As I reflect on these matters more attentively, it occurs to me first of all that it is no cause for surprise if I do not understand the reasons for some of God’s actions; and there is no call to doubt his existence if I happen to find that there are other instances where I do not grasp why or how certain things were made by him.

In order to pass over the ontological problem of nothing, Descartes doubts his doubt.

Further in the analysis, after tracing the cause of error back to the misuse of the will, Descartes runs into the same problem. How could God permit the will to be misused without compromising his benevolence or his omnipotence? Descartes deftly subverts this logical objection by responding to it as though it were an expression of indignation. Instead of acknowledging the question of how God could have granted his privation (in principle), Descartes persuades himself not to be ungrateful for what God granted him (in fact).

And I have no cause for complaint on the grounds that the power of understanding or the natural light which God gave me is no greater than it is; for it is in the nature of a created intellect to be finite. Indeed, I have reason to give thanks to him who has never owed me anything for the great bounty that he has shown me, rather than thinking myself deprived or robbed of any gifts he did not bestow.

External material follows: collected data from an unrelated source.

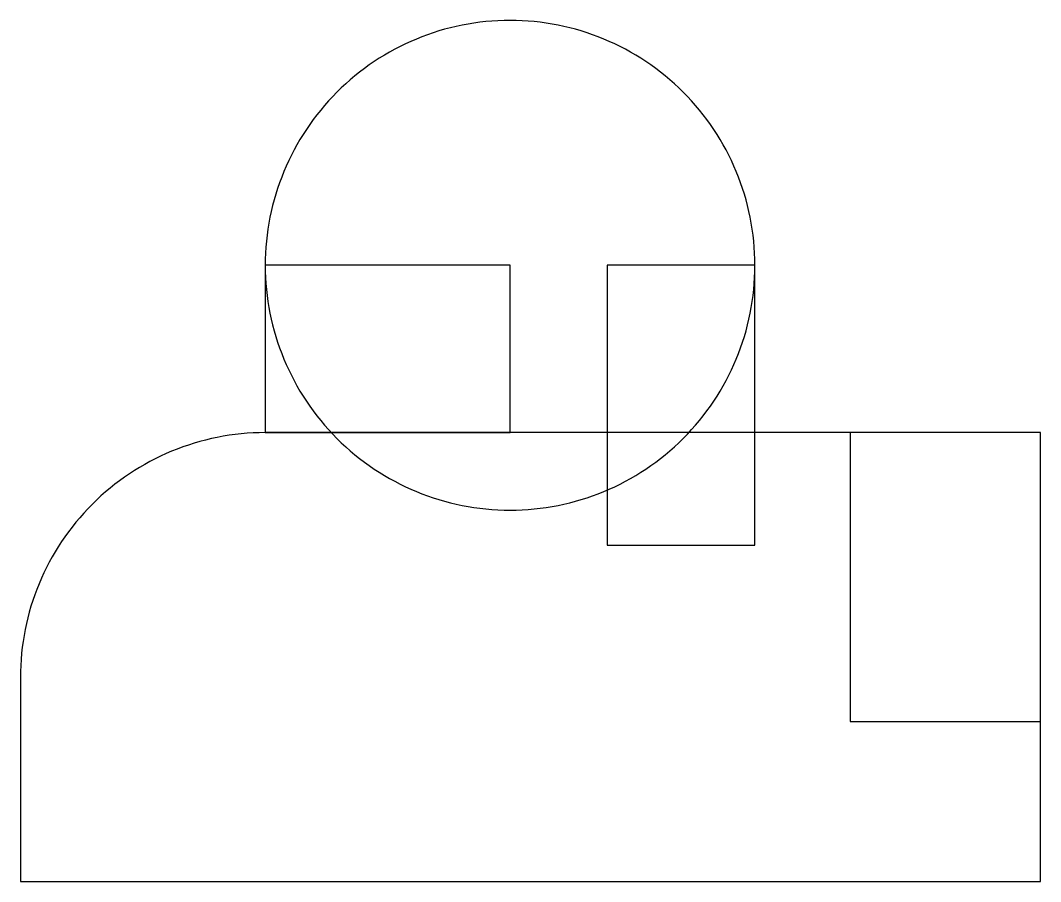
# Model space of a CAD drawing. Extents: x 0 to 50, y 0 to 42.2.
import ezdxf

# ---------------------------------------------------------------- set-up
doc = ezdxf.new("R2010")
doc.units = 0
doc.layers.add('LAYER_1', color=18, linetype='CONTINUOUS')

msp = doc.modelspace()

# ---------------------------------------------------------------- linework, layer by layer
at = {"layer": 'LAYER_1'}
for points in [[(24, 42.2, 0.414214), (12, 30.2, 0.414214), (24, 18.2, 0.414214), (36, 30.2, 0.414214)], [(50, 0), (50, 22), (12, 22, 0.414214), (0, 10), (0, 0)]]:
    msp.add_lwpolyline(points, format="xyb", close=True, dxfattribs=at)
for points in [[(12, 22), (24, 22), (24, 30.2), (12, 30.2)], [(28.754, 16.491), (36, 16.491), (36, 30.2), (28.754, 30.2)], [(40.667, 7.848), (50, 7.848), (50, 22), (40.667, 22)]]:
    msp.add_lwpolyline(points, close=True, dxfattribs=at)

doc.saveas('drawing.dxf')

A rhetoric of gratitude enables Descartes to count his privation as nothing so as not to have to account for its cause. He achieves this by figuring his finitude as a gift rather than as a theft, a surplus rather than a deficit, a presence rather than an absence. The metaphor entirely effaces finitude’s negativity, leaving a remainder of exactly nothing. When the prayer is over Descartes gives the final count: “the privation…does not in any way require the concurrence of God” because it is “not a thing” and “should not be called a privation but simply a negation.”


Descartes published the Meditations with a collation of Objections and Replies, that afford the reader the chance to witness his willingness to engage in dialogue with his interlocutors. The most famous of the printed objections articulated what has come to be known as the “Cartesian Circle”: the claim that Descartes proof of his own existence tacitly presupposes knowledge of God (that he exists, that he is beneficent, omnipotent etc.), which are needed in order to validate the criterion of clearness and distinctness that enables Descartes to attain certain knowledge of anything. It would be more precise, if less self-evident, to object that Descartes presupposes knowledge of nothing: namely, that it is nothing.